Making Evildoers Pay: Resource-Competitive Broadcast in Sensor Networks

Abstract

Consider a time-slotted, single-hop, wireless sensor network (WSN) consisting of n correct devices and and t=f*n Byzantine devices where f>=0 is any constant; that is, the Byzantine devices may outnumber the correct ones. There exists a trusted sender Alice who wishes to deliver a message m over a single channel to the correct devices. There also exists a malicious user Carol who controls the t Byzantine devices and uses them to disrupt the communication channel. For a constant k>=2, the correct and Byzantine devices each possess a meager energy budget of O(n1/k), Alice and Carol each possess a limited budget of O(n1/k), and sending or listening in a slot incurs unit cost. This general setup captures the inherent challenges of guaranteeing communication despite scarce resources and attacks on the network.
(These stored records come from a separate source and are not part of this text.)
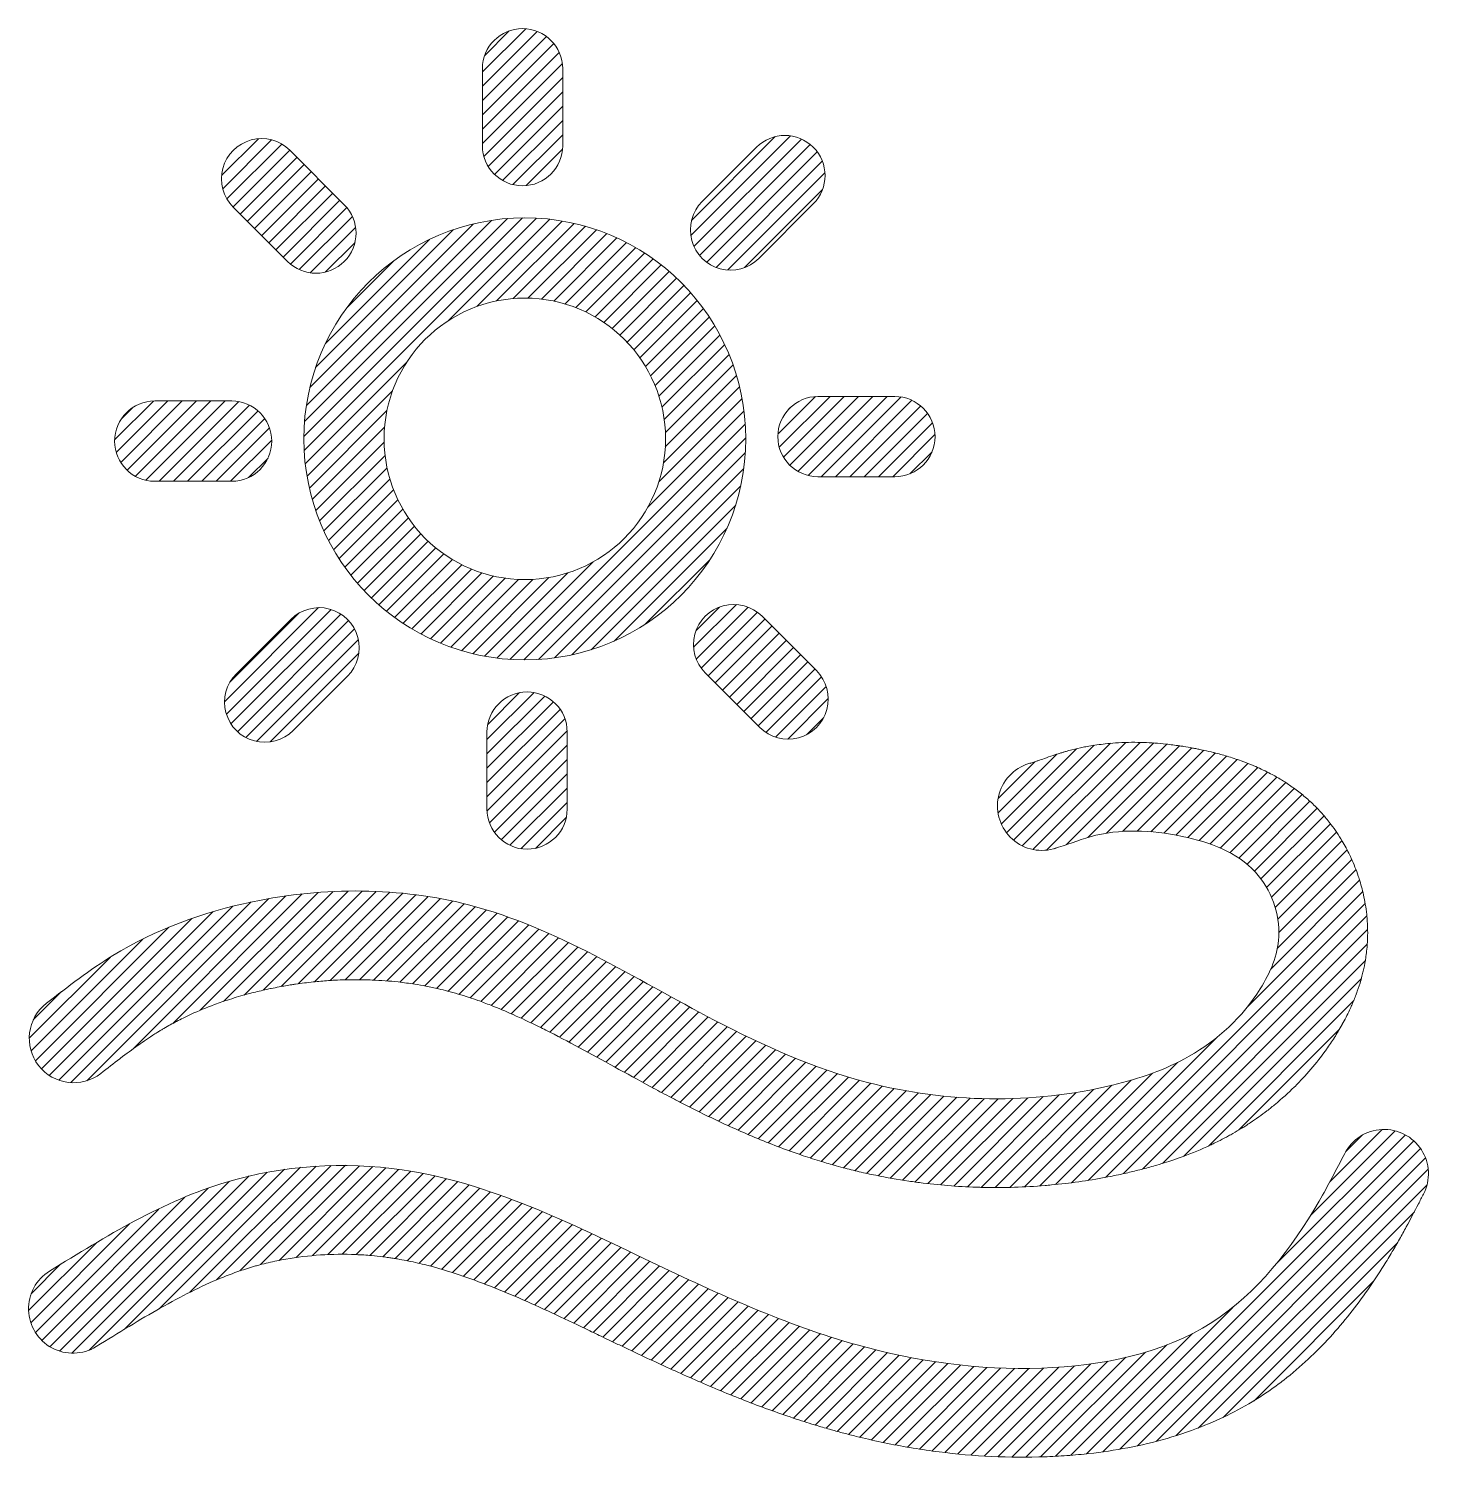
# Model space of a CAD drawing. Header units: inches. Extents: x 780 to 990, y -100 to 199.
# Drawn here: x 849.16 to 855.45, y 114.68 to 121.09 of the extents above; entities that cross this region are included whole.
import ezdxf

# ---------------------------------------------------------------- set-up
doc = ezdxf.new("R2010")
doc.units = ezdxf.units.IN
doc.header["$MEASUREMENT"] = 0

msp = doc.modelspace()

# ---------------------------------------------------------------- hatches: boundary and pattern name
at = {"lineweight": 0}
h = msp.add_hatch(dxfattribs=at)
h.set_pattern_fill('ANSI31', color=256, scale=0.014294)
h.set_pattern_definition([(45, (-526.40095, 733.38733), (-0.0320920678, 0.0320920678), [])])
edge = h.paths.add_edge_path()
edge.add_arc((851.391, 119.2492), 0.9919, 0, 360)
edge = h.paths.add_edge_path(flags=17)
edge.add_arc((851.391, 119.2492), 0.6317, 0, 360)
edge = h.paths.add_edge_path()
edge.add_arc((852.3143, 120.1868), 0.1801, 135, 315)
edge.add_line((852.4417, 120.0594), (852.6859, 120.3036))
edge.add_arc((852.5585, 120.4309), 0.1801, 315, 495)
edge.add_line((852.4312, 120.5583), (852.187, 120.3141))
edge = h.paths.add_edge_path()
edge.add_arc((852.5728, 118.0816), 0.1801, 225, 405)
edge.add_line((852.7001, 118.209), (852.4559, 118.4532))
edge.add_arc((852.3286, 118.3258), 0.1801, 45, 225)
edge.add_line((852.2012, 118.1984), (852.4454, 117.9543))
edge = h.paths.add_edge_path()
edge.add_arc((853.0522, 119.2592), 0.1801, 270, 450)
edge.add_line((853.0522, 119.4393), (852.7069, 119.4393))
edge.add_arc((852.7069, 119.2592), 0.1801, 90, 270)
edge.add_line((852.7069, 119.0791), (853.0522, 119.0791))
edge = h.paths.add_edge_path()
edge.add_arc((850.4534, 120.1725), 0.1801, 225, 405)
edge.add_line((850.5807, 120.2999), (850.3366, 120.5441))
edge.add_arc((850.2092, 120.4167), 0.1801, 45, 225)
edge.add_line((850.0819, 120.2893), (850.326, 120.0452))
edge = h.paths.add_edge_path()
edge.add_line((849.7298, 119.059), (850.0751, 119.059))
edge.add_arc((850.0751, 119.2391), 0.1801, 270, 450)
edge.add_line((850.0751, 119.4192), (849.7298, 119.4192))
edge.add_arc((849.7298, 119.2391), 0.1801, 90, 270)
edge = h.paths.add_edge_path()
edge.add_arc((851.3809, 120.565), 0.1801, 180, 360)
edge.add_line((851.561, 120.565), (851.561, 120.9104))
edge.add_arc((851.3809, 120.9104), 0.1801, 0, 180)
edge.add_line((851.2008, 120.9104), (851.2008, 120.565))
edge = h.paths.add_edge_path()
edge.add_arc((851.401, 117.588), 0.1801, 180, 360)
edge.add_line((851.5812, 117.588), (851.5812, 117.9333))
edge.add_arc((851.401, 117.9333), 0.1801, 0, 180)
edge.add_line((851.2209, 117.9333), (851.2209, 117.588))
edge = h.paths.add_edge_path()
edge.add_arc((850.2234, 118.0674), 0.1801, 135, 315)
edge.add_line((850.3508, 117.94), (850.595, 118.1842))
edge.add_arc((850.4676, 118.3116), 0.1801, 315, 495)
edge.add_line((850.3403, 118.4389), (850.0961, 118.1947))
h = msp.add_hatch(dxfattribs=at)
h.set_pattern_fill('ANSI31', color=256, scale=0.014294)
h.set_pattern_definition([(45, (-516.78167, 733.38733), (-0.0320920678, 0.0320920678), [])])
edge = h.paths.add_edge_path()
edge.add_spline(control_points=[(853.7668, 117.41), (853.8216, 117.4254), (854.0029, 117.5032), (854.3275, 117.4886), (854.6918, 117.3586), (854.8143, 117.0296), (854.6762, 116.7125), (854.407, 116.4647), (853.7981, 116.2594), (853.0259, 116.273), (852.0936, 116.6906), (851.255, 117.2365), (850.2577, 117.2398), (849.6155, 117.0042), (849.3407, 116.7912), (849.2437, 116.716)], knot_values=[0, 0, 0, 0, 65.140271, 222.199196, 361.606327, 479.114243, 573.466376, 741.124887, 881.120731, 1299.990096, 1581.52479, 2044.314533, 2415.681098, 2671.689272, 2811.552444, 2811.552444, 2811.552444, 2811.552444], degree=3, periodic=0)
edge.add_arc((849.3656, 116.5587), 0.1991, 127.77447, 307.77447)
edge.add_spline(control_points=[(849.4875, 116.4013), (849.5172, 116.4243), (849.5458, 116.4465), (849.5742, 116.468), (849.5749, 116.4686), (849.5756, 116.4691)], knot_values=[0, 0, 0, 0, 42.717438, 42.717438, 43.834968, 43.834968, 43.834968, 43.834968], degree=3, periodic=0)
edge.add_spline(control_points=[(849.5756, 116.4691), (849.6026, 116.4895), (849.6287, 116.5089), (849.6801, 116.5455), (849.7053, 116.5626), (849.7321, 116.5797), (849.7342, 116.5811), (849.7364, 116.5824)], knot_values=[43.834968, 43.834968, 43.834968, 43.834968, 85.434876, 85.434876, 128.152314, 128.152314, 131.911105, 131.911105, 131.911105, 131.911105], degree=3, periodic=0)
edge.add_spline(control_points=[(849.7364, 116.5824), (849.7388, 116.584), (849.7413, 116.5855), (849.7483, 116.5898), (849.7528, 116.5926), (849.762, 116.5982), (849.7666, 116.6009), (849.7805, 116.6091), (849.7899, 116.6144), (849.8183, 116.6301), (849.8376, 116.6402), (849.869, 116.6557), (849.881, 116.6614), (849.893, 116.6669)], knot_values=[131.911105, 131.911105, 131.911105, 131.911105, 136.176627, 136.176627, 144.222933, 144.222933, 152.26924, 152.26924, 168.361852, 168.361852, 200.547077, 200.547077, 219.818605, 219.818605, 219.818605, 219.818605], degree=3, periodic=0)
edge.add_spline(control_points=[(849.893, 116.6669), (849.927, 116.6825), (849.962, 116.697), (850.02, 116.7185), (850.0423, 116.7262), (850.065, 116.7335)], knot_values=[219.818605, 219.818605, 219.818605, 219.818605, 274.268848, 274.268848, 307.697778, 307.697778, 307.697778, 307.697778], degree=3, periodic=0)
edge.add_spline(control_points=[(850.065, 116.7335), (850.0924, 116.7423), (850.1202, 116.7505), (850.1705, 116.7639), (850.1928, 116.7695), (850.2268, 116.7772), (850.2383, 116.7797), (850.2498, 116.7821)], knot_values=[307.697778, 307.697778, 307.697778, 307.697778, 347.990619, 347.990619, 379.647558, 379.647558, 395.634463, 395.634463, 395.634463, 395.634463], degree=3, periodic=0)
edge.add_spline(control_points=[(850.2498, 116.7821), (850.2504, 116.7822), (850.2511, 116.7824), (850.2638, 116.785), (850.276, 116.7874), (850.3072, 116.7932), (850.3262, 116.7965), (850.3452, 116.7995)], knot_values=[395.634463, 395.634463, 395.634463, 395.634463, 396.519784, 396.519784, 413.392011, 413.392011, 439.599724, 439.599724, 439.599724, 439.599724], degree=3, periodic=0)
edge.add_spline(control_points=[(850.3452, 116.7995), (850.3507, 116.8003), (850.3562, 116.8011), (850.3882, 116.8058), (850.4148, 116.8092), (850.4413, 116.812)], knot_values=[439.599724, 439.599724, 439.599724, 439.599724, 447.136464, 447.136464, 483.563684, 483.563684, 483.563684, 483.563684], degree=3, periodic=0)
edge.add_spline(control_points=[(850.4413, 116.812), (850.464, 116.8143), (850.4867, 116.8163), (850.5188, 116.8184), (850.5282, 116.819), (850.5376, 116.8195)], knot_values=[483.563684, 483.563684, 483.563684, 483.563684, 514.62537, 514.62537, 527.519668, 527.519668, 527.519668, 527.519668], degree=3, periodic=0)
edge.add_spline(control_points=[(850.5376, 116.8195), (850.5697, 116.8212), (850.6017, 116.822), (850.6336, 116.822)], knot_values=[527.519668, 527.519668, 527.519668, 527.519668, 571.478828, 571.478828, 571.478828, 571.478828], degree=3, periodic=0)
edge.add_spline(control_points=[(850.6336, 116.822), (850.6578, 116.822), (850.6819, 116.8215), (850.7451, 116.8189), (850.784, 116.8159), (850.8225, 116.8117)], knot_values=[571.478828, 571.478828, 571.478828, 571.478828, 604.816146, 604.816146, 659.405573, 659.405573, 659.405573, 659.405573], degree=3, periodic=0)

Given this Alice versus Carol scenario, we ask: Is communication of m feasible and, if so, at what cost? We develop a protocol which, for an arbitrarily small constant ε>0, ensures that at least (1-ε)n correct devices receive m with high probability. Furthermore, if Carol's devices expend T energy jamming the channel, then Alice and the correct devices each spend only O(T1/(k+1)). In other words, delaying the transmission of m forces a jammer to rapidly deplete its energy supply and, consequently, cease attacks on the network.